The most popular folk etymology, however, stems from late Louisiana congressman and cultural activist James "Jimmy" Domengeaux, who maintained that "coonass" derived from the continental French word connasse. According to the French Wiktionary, the French Larousse dictionary, and the French Wikipedia, connasse entered the French language at the beginning of the 19th century and the term translates loosely to "dirty prostitute". Domengeaux asserted that Frenchmen used the term in reference to Cajun soldiers serving in France during World War I, and that Anglo-American soldiers overheard the term, transformed it into "coonass" and brought it back to the US as a disparaging term for Cajuns. Citing Domengeaux's etymology, Louisiana legislators passed a concurrent resolution in the 1980s condemning the word. Contrary to popular belief, the lawmakers did not ban the term. Research has since conflicted Domengeaux's proposed etymology. Indeed, photographic evidence shows that Cajuns themselves used the term prior to the time in which connasse allegedly morphed into "coonass".

==Examples==
- In the early 1980s, a Cajun worker sued his former employer over repeated use of the word "coonass" in the workplace. The lawsuit led directly to the federal government's recognition of the Cajuns as a national ethnic group as protected by the Civil Rights Act of 1964.
- Although the Louisiana State Legislature condemned the word's use in 1981, the Louisiana Air National Guard's acclaimed 159th Tactical Fighter Group referred to itself as the "Coonass Militia" until 1992.
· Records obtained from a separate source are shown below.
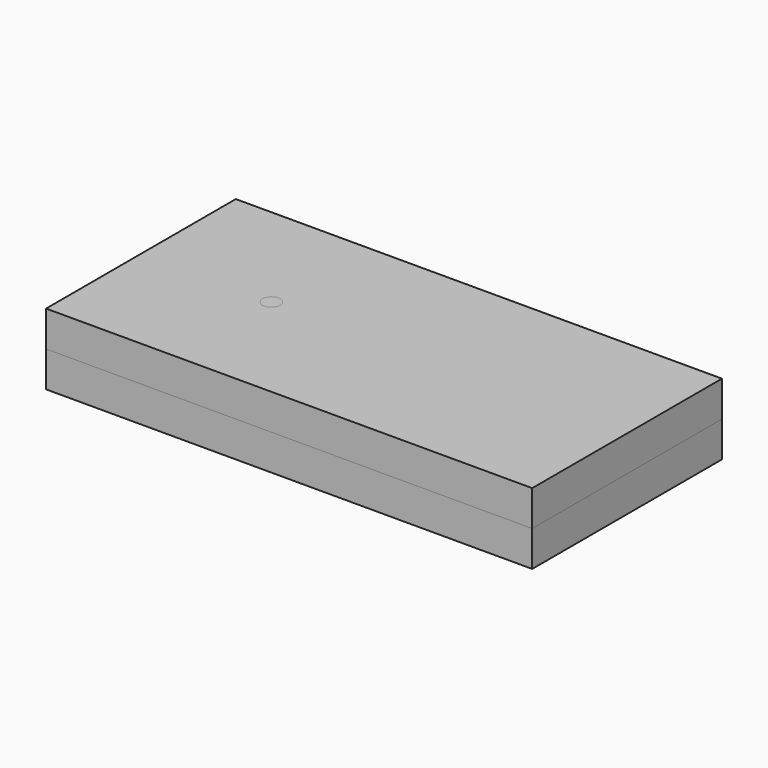
from build123d import *

# Parameters (mm, degrees)
F0_W          = 2000
F0_H          = 1000
F1_DEPTH      = 125
F2_W          = 4100
F2_H          = 2000
F3_DEPTH      = 300
F4_DEPTH      = 300
F6_DEPTH      = 1000
F7_R          = 75
F8_DEPTH      = 300
F8_DEPTH_BACK = 150


with BuildPart() as f1:
    # F0 (on Top) → F1 (new body, symmetric)
    with BuildSketch(Plane.XY):
        Rectangle(F0_W, F0_H)
    extrude(amount=F1_DEPTH, both=True)

    # F5 (on face) → F6 (cut, through all)
    with BuildSketch(Plane.XZ.offset(500)):
        Polygon((-329.8588991165, -125), (-1000, 156.1994105577), (-1000, -125), align=None)
    extrude(amount=-F6_DEPTH, mode=Mode.SUBTRACT)


with BuildPart() as f3:
    # F2 (on Top) → F3 (new body)
    with BuildSketch(Plane.XY):
        with Locations((950, 0)):
            Rectangle(F2_W, F2_H)
    extrude(amount=F3_DEPTH)


with BuildPart() as f4:
    # F2 (on Top) → F4 (new body)
    with BuildSketch(Plane.XY):
        with Locations((950, 0)):
            Rectangle(F2_W, F2_H)
    extrude(amount=-F4_DEPTH)


with BuildPart() as f8:
    # F7 (on Top) → F8 (new body, two sides)
    with BuildSketch(Plane.XY) as f8_sk:
        Circle(F7_R)
    extrude(amount=F8_DEPTH)
    extrude(f8_sk.sketch, amount=-F8_DEPTH_BACK)


solid = Compound([f1.part, f3.part, f4.part, f8.part])

- University of Alabama head football coach Nick Saban came under fire in early 2007 for using the term while speaking "off the record" to a reporter.
- New Orleans pianist-singer Dr. John described himself as one in the opening lines of "Black Gold", singing "take it from this coonass". The song was one of five tracks on Dr. John's 2008 album City That Care Forgot, co-composed by Cajun songwriter Bobby Charles.
- In July 2014, Texas House of Representatives member Dennis Bonnen made a remark on the House floor referring to the language spoken by children displaced from Hurricane Katrina as "coonass". Media reports characterized his use of the term as "derogatory", "offensive", and a "vulgar slang term".
- On May 9, 2025, the conservative journalist Rod Dreher, in a post on X, used the term in reference to the newly-elected pope, Pope Leo XIV, who has some Creole ancestry. Dreher was severely criticized for using a term that many think of as a racial slur.